→ **DIRECTIONS FOR THIS TASK**
Transcribe each line of the records below exactly, excluding any embedded images.

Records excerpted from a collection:

┌──

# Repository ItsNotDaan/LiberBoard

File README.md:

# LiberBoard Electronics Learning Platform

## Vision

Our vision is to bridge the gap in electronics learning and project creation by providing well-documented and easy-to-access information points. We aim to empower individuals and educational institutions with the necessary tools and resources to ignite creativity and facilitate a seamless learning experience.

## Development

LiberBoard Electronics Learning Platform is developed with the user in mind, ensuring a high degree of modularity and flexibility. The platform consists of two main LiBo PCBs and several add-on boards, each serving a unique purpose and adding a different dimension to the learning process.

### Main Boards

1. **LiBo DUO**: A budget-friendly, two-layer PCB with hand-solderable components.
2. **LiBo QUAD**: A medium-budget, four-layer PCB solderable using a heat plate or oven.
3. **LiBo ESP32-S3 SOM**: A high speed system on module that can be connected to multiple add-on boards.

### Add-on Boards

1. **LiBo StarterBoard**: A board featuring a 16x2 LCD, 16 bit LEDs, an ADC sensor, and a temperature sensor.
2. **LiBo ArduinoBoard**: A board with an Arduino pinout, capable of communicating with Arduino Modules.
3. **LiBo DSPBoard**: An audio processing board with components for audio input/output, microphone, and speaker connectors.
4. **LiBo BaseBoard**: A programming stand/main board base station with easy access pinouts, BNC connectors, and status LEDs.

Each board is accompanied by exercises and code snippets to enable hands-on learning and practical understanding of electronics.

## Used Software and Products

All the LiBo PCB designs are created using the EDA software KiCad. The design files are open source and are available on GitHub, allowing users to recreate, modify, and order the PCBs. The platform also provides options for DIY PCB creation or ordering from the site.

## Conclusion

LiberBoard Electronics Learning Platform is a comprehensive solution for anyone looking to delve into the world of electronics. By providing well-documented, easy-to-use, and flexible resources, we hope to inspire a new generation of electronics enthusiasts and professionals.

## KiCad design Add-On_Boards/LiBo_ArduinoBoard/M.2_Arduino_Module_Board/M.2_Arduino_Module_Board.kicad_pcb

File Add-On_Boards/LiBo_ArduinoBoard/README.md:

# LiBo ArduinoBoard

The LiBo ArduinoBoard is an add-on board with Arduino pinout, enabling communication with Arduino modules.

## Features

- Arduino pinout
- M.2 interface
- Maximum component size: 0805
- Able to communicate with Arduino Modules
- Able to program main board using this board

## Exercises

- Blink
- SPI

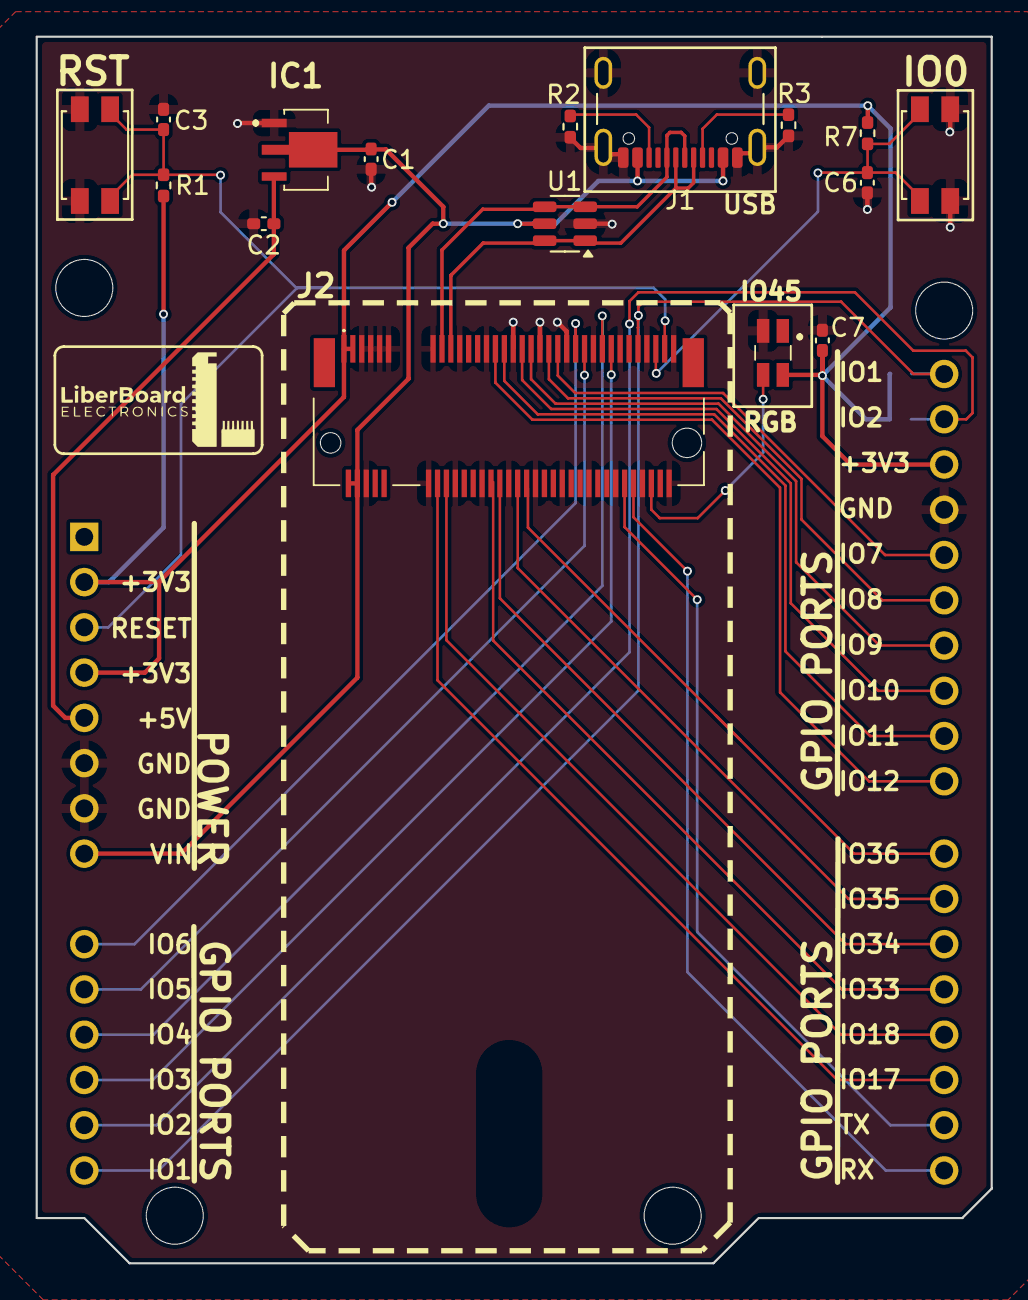
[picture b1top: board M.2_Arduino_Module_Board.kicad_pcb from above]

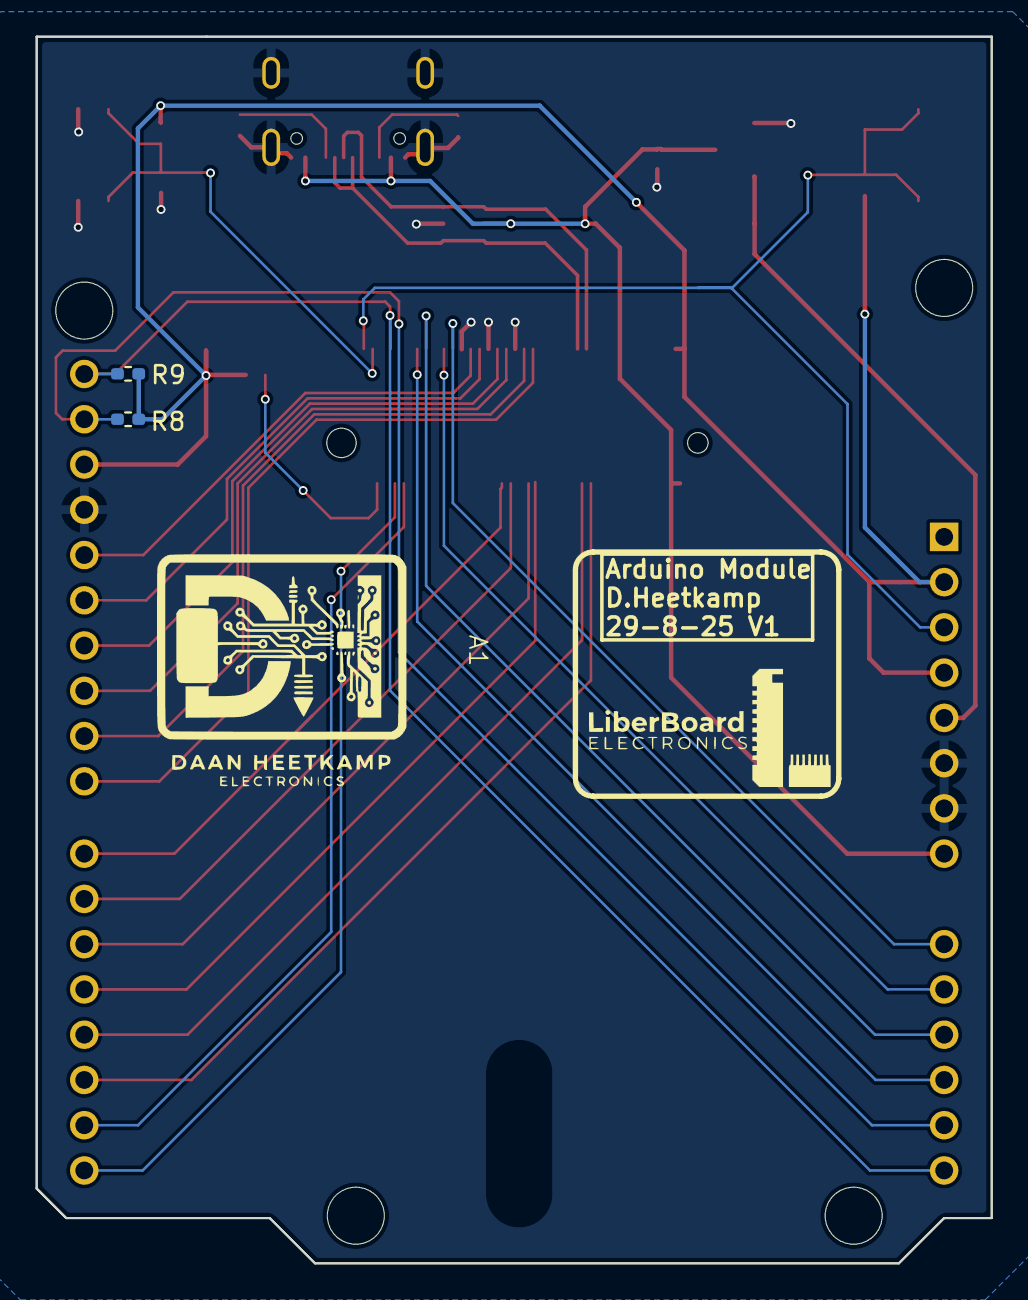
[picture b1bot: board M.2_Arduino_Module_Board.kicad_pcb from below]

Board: 2 copper layers, 53.6 x 68.8 mm, 19 parts (3 on the bottom side), 31 nets.

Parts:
A1: Arduino_Uno_Footprint
BOOT1: SW_BOOT; SW_SPST_EVQP2
C1, C2: 1u; C_0402_1005Metric_Pad0.74x0.62mm_HandSolder
C3, C6, C7: 100n; C_0402_1005Metric_Pad0.74x0.62mm_HandSolder
IC1: MCP1702T-5002E_MB; MCP1703T5002EMB
J1: USB_C_Receptacle_USB2.0; USB_C_Receptacle_GCT_USB4105-xx-A_16P_TopMnt_Horizontal
J2: 2199230-3; 21992303
LED1: WS2812C-2020; WS2812C2020
R1, R7: 10k; R_0402_1005Metric_Pad0.72x0.64mm_HandSolder
R2, R3, R8, R9: 5k1; R_0402_1005Metric_Pad0.72x0.64mm_HandSolder
RST1: SW_RST; SW_SPST_EVQP2
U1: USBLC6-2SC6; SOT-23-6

└──

→ **RESPONSE TO THIS TASK**
# Repository ItsNotDaan/LiberBoard

File README.md:

# LiberBoard Electronics Learning Platform

## Vision

Our vision is to bridge the gap in electronics learning and project creation by providing well-documented and easy-to-access information points. We aim to empower individuals and educational institutions with the necessary tools and resources to ignite creativity and facilitate a seamless learning experience.

## Development

LiberBoard Electronics Learning Platform is developed with the user in mind, ensuring a high degree of modularity and flexibility. The platform consists of two main LiBo PCBs and several add-on boards, each serving a unique purpose and adding a different dimension to the learning process.

### Main Boards

1. **LiBo DUO**: A budget-friendly, two-layer PCB with hand-solderable components.
2. **LiBo QUAD**: A medium-budget, four-layer PCB solderable using a heat plate or oven.
3. **LiBo ESP32-S3 SOM**: A high speed system on module that can be connected to multiple add-on boards.

### Add-on Boards

1. **LiBo StarterBoard**: A board featuring a 16x2 LCD, 16 bit LEDs, an ADC sensor, and a temperature sensor.
2. **LiBo ArduinoBoard**: A board with an Arduino pinout, capable of communicating with Arduino Modules.
3. **LiBo DSPBoard**: An audio processing board with components for audio input/output, microphone, and speaker connectors.
4. **LiBo BaseBoard**: A programming stand/main board base station with easy access pinouts, BNC connectors, and status LEDs.

Each board is accompanied by exercises and code snippets to enable hands-on learning and practical understanding of electronics.

## Used Software and Products

All the LiBo PCB designs are created using the EDA software KiCad. The design files are open source and are available on GitHub, allowing users to recreate, modify, and order the PCBs. The platform also provides options for DIY PCB creation or ordering from the site.

## Conclusion

LiberBoard Electronics Learning Platform is a comprehensive solution for anyone looking to delve into the world of electronics. By providing well-documented, easy-to-use, and flexible resources, we hope to inspire a new generation of electronics enthusiasts and professionals.

## KiCad design Add-On_Boards/LiBo_ArduinoBoard/M.2_Arduino_Module_Board/M.2_Arduino_Module_Board.kicad_pcb

File Add-On_Boards/LiBo_ArduinoBoard/README.md:

# LiBo ArduinoBoard

The LiBo ArduinoBoard is an add-on board with Arduino pinout, enabling communication with Arduino modules.

## Features

- Arduino pinout
- M.2 interface
- Maximum component size: 0805
- Able to communicate with Arduino Modules
- Able to program main board using this board

## Exercises

- Blink
- SPI

[picture b1top: board M.2_Arduino_Module_Board.kicad_pcb from above]

[picture b1bot: board M.2_Arduino_Module_Board.kicad_pcb from below]

Board: 2 copper layers, 53.6 x 68.8 mm, 19 parts (3 on the bottom side), 31 nets.

Parts:
A1: Arduino_Uno_Footprint
BOOT1: SW_BOOT; SW_SPST_EVQP2
C1, C2: 1u; C_0402_1005Metric_Pad0.74x0.62mm_HandSolder
C3, C6, C7: 100n; C_0402_1005Metric_Pad0.74x0.62mm_HandSolder
IC1: MCP1702T-5002E_MB; MCP1703T5002EMB
J1: USB_C_Receptacle_USB2.0; USB_C_Receptacle_GCT_USB4105-xx-A_16P_TopMnt_Horizontal
J2: 2199230-3; 21992303
LED1: WS2812C-2020; WS2812C2020
R1, R7: 10k; R_0402_1005Metric_Pad0.72x0.64mm_HandSolder
R2, R3, R8, R9: 5k1; R_0402_1005Metric_Pad0.72x0.64mm_HandSolder
RST1: SW_RST; SW_SPST_EVQP2
U1: USBLC6-2SC6; SOT-23-6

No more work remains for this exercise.